Data records:
--- --- ---

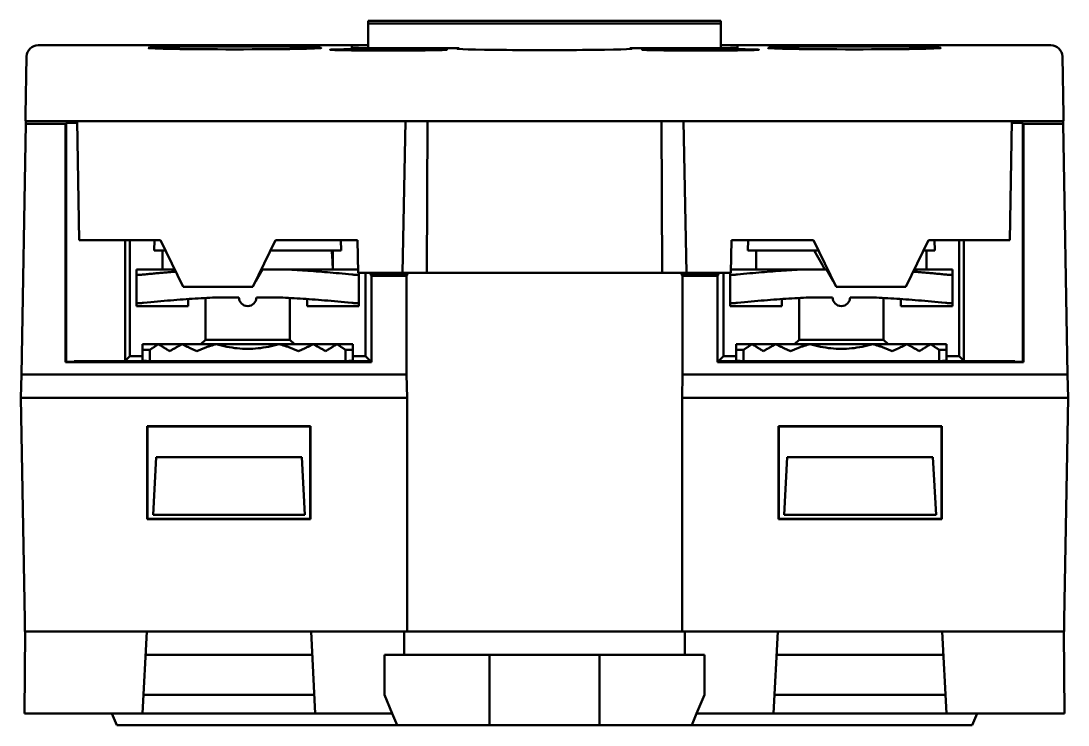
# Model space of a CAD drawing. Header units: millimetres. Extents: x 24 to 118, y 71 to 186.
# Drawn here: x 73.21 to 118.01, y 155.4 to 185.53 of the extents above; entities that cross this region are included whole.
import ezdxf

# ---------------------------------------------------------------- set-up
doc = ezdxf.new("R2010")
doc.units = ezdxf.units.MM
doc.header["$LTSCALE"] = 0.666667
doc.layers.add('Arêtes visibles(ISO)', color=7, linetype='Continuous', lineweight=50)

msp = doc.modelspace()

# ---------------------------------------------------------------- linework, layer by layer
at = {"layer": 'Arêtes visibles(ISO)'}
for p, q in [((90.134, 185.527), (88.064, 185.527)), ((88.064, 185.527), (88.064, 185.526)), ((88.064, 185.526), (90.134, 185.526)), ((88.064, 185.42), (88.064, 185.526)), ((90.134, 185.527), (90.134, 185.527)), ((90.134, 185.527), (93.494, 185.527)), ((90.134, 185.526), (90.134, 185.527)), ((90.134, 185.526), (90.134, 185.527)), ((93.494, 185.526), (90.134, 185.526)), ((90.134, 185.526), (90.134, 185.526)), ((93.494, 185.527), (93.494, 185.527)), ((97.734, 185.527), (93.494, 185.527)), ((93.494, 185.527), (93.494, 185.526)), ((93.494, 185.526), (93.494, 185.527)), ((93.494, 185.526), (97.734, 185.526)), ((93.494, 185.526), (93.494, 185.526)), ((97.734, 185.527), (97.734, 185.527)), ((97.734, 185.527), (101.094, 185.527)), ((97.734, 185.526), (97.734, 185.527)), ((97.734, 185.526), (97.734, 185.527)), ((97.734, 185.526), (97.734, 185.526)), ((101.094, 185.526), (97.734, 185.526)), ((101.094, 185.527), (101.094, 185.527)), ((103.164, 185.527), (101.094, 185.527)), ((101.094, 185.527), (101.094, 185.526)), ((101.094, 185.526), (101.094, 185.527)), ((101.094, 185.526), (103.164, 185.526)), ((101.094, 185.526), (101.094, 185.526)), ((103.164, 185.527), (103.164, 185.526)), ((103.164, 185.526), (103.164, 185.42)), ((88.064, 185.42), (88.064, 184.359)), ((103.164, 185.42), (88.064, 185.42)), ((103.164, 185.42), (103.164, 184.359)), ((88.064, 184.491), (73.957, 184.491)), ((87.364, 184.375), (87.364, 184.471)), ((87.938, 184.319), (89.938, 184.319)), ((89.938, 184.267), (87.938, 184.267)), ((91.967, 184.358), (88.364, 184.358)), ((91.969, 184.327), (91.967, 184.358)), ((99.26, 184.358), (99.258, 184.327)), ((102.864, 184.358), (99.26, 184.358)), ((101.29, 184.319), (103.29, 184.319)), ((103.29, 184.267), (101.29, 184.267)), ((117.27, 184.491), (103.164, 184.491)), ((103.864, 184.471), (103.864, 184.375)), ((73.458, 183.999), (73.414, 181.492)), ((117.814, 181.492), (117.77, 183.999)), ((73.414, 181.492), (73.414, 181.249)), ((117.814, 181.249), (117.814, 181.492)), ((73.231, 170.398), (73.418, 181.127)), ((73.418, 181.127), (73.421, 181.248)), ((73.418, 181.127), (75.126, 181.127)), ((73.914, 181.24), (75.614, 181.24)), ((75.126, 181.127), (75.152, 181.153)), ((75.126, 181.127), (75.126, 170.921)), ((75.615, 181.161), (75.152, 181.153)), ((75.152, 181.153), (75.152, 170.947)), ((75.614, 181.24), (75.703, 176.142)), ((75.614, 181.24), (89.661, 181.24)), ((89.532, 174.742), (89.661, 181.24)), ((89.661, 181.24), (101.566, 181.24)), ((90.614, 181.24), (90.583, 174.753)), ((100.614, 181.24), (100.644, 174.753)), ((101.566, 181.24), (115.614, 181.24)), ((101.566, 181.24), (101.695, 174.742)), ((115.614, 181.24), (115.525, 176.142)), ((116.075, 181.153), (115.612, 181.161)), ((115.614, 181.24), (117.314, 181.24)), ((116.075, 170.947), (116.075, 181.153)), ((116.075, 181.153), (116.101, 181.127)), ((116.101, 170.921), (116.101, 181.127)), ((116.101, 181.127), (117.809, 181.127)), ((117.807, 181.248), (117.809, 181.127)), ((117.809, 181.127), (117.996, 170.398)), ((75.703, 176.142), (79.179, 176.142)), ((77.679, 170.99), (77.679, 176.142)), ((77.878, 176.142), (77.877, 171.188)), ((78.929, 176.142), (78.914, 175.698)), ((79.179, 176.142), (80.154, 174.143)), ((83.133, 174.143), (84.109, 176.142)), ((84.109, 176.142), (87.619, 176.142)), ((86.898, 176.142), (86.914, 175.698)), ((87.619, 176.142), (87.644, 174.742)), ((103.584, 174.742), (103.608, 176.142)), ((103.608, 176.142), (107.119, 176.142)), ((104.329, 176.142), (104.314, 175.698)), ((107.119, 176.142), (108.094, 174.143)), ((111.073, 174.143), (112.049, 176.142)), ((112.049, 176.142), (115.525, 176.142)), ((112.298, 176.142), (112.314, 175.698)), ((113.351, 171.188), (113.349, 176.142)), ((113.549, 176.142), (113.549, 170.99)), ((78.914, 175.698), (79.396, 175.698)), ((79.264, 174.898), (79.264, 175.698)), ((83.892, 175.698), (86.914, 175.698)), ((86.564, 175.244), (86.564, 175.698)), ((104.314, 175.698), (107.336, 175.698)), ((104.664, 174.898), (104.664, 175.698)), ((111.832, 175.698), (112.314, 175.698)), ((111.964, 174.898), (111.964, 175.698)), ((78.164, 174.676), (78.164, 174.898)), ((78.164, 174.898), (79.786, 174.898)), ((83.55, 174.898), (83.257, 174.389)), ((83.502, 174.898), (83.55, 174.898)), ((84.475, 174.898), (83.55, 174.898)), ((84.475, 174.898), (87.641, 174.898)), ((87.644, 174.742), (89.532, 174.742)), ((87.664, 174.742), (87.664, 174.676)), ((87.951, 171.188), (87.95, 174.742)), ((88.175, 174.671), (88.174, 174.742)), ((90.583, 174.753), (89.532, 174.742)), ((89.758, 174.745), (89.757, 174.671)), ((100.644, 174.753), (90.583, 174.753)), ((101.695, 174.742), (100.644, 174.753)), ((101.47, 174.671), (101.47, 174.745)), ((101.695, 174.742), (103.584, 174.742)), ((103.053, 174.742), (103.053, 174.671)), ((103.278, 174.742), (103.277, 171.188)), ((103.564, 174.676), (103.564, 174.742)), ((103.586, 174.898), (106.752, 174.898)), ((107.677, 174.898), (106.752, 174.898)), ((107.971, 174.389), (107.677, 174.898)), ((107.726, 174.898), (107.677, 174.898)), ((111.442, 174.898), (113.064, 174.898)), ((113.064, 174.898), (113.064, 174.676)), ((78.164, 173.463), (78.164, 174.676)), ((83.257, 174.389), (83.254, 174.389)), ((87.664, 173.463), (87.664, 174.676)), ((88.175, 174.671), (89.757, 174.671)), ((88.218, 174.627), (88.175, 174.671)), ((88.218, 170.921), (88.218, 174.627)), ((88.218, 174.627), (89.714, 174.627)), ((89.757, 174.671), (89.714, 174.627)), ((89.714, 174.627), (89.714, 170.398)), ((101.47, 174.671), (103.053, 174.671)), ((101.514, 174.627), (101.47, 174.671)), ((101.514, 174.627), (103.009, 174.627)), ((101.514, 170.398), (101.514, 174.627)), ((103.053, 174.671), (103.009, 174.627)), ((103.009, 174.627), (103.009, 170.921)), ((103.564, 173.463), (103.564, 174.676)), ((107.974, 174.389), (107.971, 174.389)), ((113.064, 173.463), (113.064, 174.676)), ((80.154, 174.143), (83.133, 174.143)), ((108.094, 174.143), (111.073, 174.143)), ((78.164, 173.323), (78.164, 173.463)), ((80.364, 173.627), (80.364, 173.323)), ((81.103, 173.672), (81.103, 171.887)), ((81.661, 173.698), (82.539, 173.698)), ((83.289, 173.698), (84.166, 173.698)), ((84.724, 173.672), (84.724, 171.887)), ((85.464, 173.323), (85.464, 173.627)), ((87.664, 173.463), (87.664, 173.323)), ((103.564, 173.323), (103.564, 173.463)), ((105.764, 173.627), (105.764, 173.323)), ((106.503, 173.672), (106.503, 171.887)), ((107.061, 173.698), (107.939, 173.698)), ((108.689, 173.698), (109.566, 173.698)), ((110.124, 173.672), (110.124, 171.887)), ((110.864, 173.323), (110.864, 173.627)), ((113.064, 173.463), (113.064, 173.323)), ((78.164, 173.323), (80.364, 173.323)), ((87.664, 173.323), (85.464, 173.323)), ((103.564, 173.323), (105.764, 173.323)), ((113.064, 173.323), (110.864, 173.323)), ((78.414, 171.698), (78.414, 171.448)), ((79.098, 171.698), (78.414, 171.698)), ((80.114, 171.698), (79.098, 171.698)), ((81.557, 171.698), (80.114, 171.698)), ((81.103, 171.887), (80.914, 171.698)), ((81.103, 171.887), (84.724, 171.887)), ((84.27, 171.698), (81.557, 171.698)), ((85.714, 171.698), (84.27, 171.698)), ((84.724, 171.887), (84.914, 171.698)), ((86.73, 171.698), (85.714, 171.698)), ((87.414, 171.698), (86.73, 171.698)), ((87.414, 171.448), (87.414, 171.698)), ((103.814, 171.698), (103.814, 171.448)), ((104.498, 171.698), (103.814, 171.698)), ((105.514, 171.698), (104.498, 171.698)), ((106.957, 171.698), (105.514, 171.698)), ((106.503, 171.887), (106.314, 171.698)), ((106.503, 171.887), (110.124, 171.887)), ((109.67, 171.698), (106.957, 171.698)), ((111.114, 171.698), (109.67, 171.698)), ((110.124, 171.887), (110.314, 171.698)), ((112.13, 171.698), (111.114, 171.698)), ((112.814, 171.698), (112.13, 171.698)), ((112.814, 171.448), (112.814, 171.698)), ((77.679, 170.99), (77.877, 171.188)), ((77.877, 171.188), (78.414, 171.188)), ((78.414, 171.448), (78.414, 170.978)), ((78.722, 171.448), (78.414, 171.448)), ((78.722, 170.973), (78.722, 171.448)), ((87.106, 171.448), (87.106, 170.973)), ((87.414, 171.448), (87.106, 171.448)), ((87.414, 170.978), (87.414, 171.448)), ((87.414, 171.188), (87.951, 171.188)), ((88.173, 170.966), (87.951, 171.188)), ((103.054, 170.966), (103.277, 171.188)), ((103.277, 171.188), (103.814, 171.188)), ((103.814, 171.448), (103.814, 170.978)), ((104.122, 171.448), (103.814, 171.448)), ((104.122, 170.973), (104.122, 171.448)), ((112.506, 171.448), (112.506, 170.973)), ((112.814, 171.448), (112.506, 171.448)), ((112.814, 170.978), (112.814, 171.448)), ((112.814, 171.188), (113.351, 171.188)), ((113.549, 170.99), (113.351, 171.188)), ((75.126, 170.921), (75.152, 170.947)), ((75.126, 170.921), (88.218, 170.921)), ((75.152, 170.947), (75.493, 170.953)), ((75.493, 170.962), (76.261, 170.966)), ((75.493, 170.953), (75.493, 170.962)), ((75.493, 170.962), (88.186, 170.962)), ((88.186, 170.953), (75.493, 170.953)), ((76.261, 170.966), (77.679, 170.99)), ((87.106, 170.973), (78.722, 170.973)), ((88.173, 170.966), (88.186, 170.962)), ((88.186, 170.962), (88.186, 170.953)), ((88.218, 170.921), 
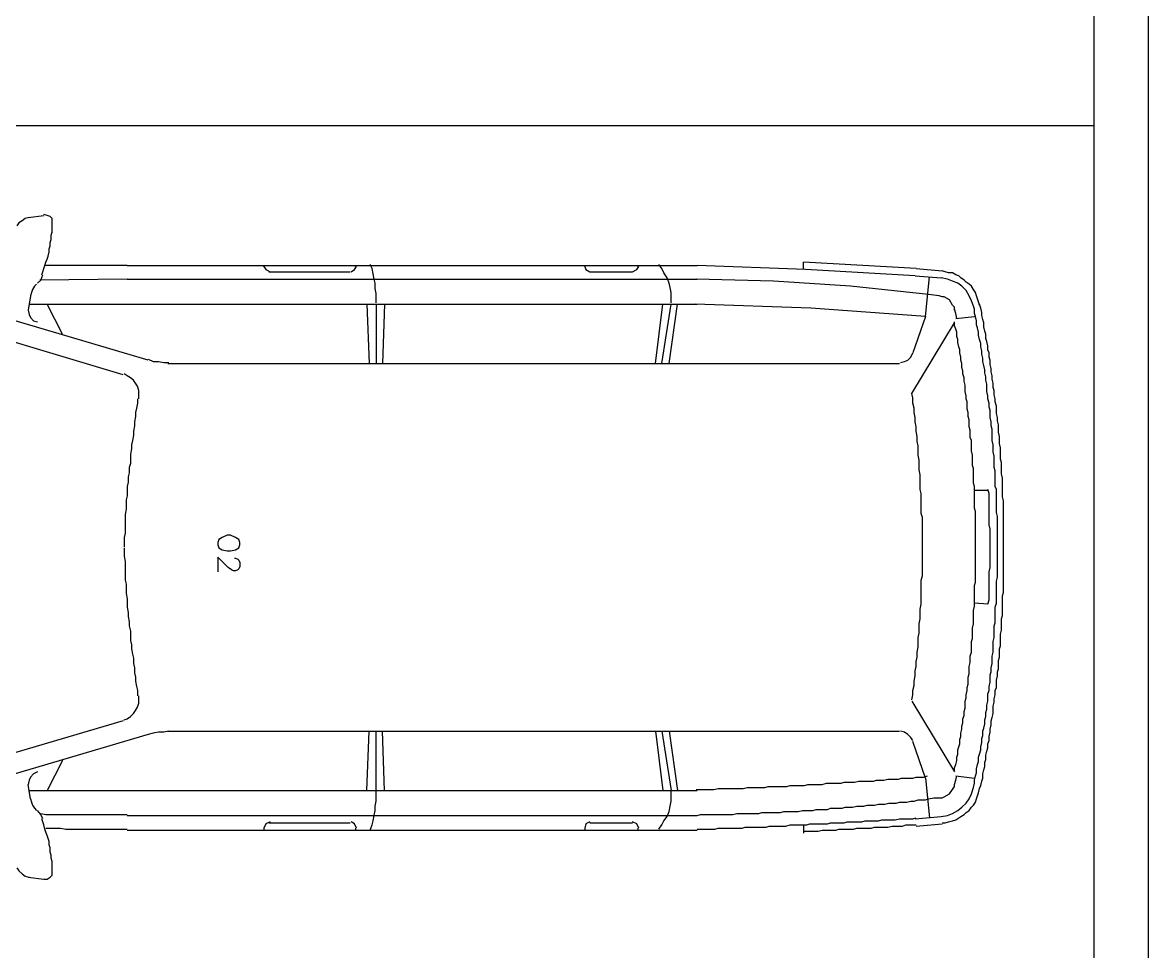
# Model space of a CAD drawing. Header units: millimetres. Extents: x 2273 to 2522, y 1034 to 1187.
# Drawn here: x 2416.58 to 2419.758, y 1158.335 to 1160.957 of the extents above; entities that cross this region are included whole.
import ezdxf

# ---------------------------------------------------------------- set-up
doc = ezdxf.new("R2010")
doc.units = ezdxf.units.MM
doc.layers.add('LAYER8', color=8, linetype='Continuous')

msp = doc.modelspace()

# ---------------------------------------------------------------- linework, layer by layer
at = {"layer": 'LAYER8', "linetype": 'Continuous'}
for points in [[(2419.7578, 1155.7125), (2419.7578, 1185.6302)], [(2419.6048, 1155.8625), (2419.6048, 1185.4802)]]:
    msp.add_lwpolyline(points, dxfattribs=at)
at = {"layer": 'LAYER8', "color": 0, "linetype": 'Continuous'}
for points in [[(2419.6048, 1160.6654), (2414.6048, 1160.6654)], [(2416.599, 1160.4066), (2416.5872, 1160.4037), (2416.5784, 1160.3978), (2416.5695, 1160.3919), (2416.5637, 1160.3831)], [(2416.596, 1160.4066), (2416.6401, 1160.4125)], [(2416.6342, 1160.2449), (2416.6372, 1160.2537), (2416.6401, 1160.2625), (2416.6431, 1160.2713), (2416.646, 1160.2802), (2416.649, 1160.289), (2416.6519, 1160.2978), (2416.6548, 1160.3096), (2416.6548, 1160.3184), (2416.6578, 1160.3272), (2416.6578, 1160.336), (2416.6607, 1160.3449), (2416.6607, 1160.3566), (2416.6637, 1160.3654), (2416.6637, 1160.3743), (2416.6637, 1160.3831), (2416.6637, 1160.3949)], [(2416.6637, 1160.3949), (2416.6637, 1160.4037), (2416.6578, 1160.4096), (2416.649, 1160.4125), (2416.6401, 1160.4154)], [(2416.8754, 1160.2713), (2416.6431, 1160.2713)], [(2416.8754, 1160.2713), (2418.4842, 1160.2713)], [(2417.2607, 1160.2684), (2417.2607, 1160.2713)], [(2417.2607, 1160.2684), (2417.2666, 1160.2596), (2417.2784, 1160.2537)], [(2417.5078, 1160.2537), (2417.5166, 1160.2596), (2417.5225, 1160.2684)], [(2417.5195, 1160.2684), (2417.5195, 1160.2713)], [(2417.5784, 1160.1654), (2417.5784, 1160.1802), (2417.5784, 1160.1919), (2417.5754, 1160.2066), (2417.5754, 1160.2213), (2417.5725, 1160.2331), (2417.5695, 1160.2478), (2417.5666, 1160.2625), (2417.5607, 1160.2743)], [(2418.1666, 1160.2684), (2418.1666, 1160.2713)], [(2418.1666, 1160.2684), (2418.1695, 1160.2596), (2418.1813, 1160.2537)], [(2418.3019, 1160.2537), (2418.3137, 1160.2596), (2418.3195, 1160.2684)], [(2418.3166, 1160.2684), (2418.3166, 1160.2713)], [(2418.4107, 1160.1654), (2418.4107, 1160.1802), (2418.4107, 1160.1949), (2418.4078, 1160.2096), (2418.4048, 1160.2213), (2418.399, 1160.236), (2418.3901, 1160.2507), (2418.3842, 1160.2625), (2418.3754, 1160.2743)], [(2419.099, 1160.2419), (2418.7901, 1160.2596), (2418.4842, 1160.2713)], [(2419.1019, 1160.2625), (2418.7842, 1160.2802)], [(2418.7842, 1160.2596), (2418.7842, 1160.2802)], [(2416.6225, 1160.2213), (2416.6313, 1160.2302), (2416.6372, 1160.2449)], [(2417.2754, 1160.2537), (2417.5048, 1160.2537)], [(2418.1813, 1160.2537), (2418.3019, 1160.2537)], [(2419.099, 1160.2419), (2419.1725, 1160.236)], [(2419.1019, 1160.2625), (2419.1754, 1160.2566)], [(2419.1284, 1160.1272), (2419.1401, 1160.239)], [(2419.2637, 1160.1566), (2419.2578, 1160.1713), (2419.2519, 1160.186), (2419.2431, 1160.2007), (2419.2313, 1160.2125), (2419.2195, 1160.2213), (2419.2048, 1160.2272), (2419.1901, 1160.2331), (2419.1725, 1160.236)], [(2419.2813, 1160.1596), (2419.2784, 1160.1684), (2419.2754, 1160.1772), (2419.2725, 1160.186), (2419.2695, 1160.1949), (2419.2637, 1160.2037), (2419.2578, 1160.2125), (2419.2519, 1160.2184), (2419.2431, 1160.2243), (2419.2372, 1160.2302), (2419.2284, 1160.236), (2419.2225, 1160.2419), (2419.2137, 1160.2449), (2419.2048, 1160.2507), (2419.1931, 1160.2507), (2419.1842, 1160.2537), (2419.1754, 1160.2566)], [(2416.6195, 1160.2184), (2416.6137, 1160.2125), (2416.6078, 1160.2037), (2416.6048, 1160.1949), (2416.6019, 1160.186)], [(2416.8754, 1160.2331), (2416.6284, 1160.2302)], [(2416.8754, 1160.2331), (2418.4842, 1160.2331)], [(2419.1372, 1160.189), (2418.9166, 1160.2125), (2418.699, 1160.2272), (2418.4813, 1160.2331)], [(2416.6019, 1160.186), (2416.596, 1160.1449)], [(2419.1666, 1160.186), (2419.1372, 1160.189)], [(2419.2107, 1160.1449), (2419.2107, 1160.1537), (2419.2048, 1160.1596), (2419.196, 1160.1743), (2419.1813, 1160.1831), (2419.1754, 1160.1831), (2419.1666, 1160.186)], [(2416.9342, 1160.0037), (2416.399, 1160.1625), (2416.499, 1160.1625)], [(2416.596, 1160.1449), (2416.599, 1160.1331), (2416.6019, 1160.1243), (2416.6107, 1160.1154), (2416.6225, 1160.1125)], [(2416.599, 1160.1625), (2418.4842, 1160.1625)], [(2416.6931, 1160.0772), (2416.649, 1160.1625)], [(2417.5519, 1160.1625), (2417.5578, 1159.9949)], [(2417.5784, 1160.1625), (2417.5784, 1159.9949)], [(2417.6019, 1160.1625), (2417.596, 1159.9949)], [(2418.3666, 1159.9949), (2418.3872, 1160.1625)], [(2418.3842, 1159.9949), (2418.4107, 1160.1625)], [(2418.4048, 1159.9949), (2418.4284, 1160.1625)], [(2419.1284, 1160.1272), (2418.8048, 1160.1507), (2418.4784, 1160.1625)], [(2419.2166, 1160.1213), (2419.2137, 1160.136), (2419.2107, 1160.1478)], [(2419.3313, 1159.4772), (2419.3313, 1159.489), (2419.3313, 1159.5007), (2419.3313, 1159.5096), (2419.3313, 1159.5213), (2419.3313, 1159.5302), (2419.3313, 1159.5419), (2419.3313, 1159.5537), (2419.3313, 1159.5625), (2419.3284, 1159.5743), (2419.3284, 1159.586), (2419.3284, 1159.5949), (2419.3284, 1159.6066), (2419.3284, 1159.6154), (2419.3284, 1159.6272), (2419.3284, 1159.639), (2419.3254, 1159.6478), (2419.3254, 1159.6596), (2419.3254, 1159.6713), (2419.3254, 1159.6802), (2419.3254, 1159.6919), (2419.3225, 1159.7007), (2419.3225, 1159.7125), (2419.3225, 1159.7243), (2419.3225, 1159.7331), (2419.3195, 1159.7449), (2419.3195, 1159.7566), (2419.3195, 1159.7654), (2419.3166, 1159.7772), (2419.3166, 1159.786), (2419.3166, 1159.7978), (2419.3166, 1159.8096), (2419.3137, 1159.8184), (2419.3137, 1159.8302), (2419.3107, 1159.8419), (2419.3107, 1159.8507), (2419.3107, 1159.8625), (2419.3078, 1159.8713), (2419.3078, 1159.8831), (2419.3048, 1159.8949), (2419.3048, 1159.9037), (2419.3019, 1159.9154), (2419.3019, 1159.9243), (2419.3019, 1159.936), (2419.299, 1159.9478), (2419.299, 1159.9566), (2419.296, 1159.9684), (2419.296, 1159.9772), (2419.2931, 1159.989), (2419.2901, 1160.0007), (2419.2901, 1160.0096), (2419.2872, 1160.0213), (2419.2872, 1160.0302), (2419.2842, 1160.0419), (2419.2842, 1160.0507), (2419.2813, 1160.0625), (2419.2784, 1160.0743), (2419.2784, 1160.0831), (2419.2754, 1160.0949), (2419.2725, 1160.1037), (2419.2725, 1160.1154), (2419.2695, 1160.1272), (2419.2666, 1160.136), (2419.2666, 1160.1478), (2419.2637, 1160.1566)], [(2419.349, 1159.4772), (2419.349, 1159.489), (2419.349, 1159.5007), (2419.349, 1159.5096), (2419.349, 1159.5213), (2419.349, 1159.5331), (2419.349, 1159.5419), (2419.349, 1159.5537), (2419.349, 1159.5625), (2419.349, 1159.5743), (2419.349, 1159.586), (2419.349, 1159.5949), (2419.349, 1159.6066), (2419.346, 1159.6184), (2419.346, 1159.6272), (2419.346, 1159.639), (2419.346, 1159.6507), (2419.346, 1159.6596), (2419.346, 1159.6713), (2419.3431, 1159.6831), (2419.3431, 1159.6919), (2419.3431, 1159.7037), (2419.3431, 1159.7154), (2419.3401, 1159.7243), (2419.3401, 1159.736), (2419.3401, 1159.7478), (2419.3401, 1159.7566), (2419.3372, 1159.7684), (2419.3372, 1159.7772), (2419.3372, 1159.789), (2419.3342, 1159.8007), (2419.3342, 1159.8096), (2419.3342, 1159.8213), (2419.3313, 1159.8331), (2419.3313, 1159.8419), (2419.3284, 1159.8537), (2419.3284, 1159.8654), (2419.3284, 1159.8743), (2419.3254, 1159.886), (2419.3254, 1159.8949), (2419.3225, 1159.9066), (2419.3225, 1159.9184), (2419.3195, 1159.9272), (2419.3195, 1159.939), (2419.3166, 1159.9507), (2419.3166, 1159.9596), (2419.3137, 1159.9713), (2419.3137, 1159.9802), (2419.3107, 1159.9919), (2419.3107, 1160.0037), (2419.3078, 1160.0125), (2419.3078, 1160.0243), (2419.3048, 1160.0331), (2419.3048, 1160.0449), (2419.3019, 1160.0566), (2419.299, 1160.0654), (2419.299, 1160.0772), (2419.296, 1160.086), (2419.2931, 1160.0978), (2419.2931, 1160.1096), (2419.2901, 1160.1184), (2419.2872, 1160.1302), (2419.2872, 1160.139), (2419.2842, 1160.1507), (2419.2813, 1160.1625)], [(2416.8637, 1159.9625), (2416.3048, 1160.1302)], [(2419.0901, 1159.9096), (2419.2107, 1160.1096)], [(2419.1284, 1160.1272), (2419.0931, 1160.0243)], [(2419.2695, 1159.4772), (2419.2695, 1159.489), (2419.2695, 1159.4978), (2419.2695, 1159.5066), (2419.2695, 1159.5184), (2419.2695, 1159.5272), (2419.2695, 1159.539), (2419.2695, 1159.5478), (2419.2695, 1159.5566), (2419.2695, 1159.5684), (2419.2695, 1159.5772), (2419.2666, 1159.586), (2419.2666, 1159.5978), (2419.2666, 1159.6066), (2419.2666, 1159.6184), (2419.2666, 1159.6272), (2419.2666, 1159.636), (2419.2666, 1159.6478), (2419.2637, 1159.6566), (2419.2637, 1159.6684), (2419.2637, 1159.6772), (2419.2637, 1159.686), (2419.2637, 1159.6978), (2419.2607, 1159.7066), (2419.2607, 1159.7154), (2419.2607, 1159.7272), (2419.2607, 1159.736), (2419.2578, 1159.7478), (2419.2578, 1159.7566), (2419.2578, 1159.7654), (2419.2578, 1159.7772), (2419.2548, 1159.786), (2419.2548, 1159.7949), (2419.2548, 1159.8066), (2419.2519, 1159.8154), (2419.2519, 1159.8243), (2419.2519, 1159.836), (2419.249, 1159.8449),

--- --- ---

-- YOUR INSTRUCTIONS --
Search the entries above for "region". Show every line that has it.

-- WRITTEN ANSWER --
# Drawn here: x 73.21 to 118.01, y 155.4 to 185.53 of the extents above; entities that cross this region are included whole.
# Drawn here: x 2416.58 to 2419.758, y 1158.335 to 1160.957 of the extents above; entities that cross this region are included whole.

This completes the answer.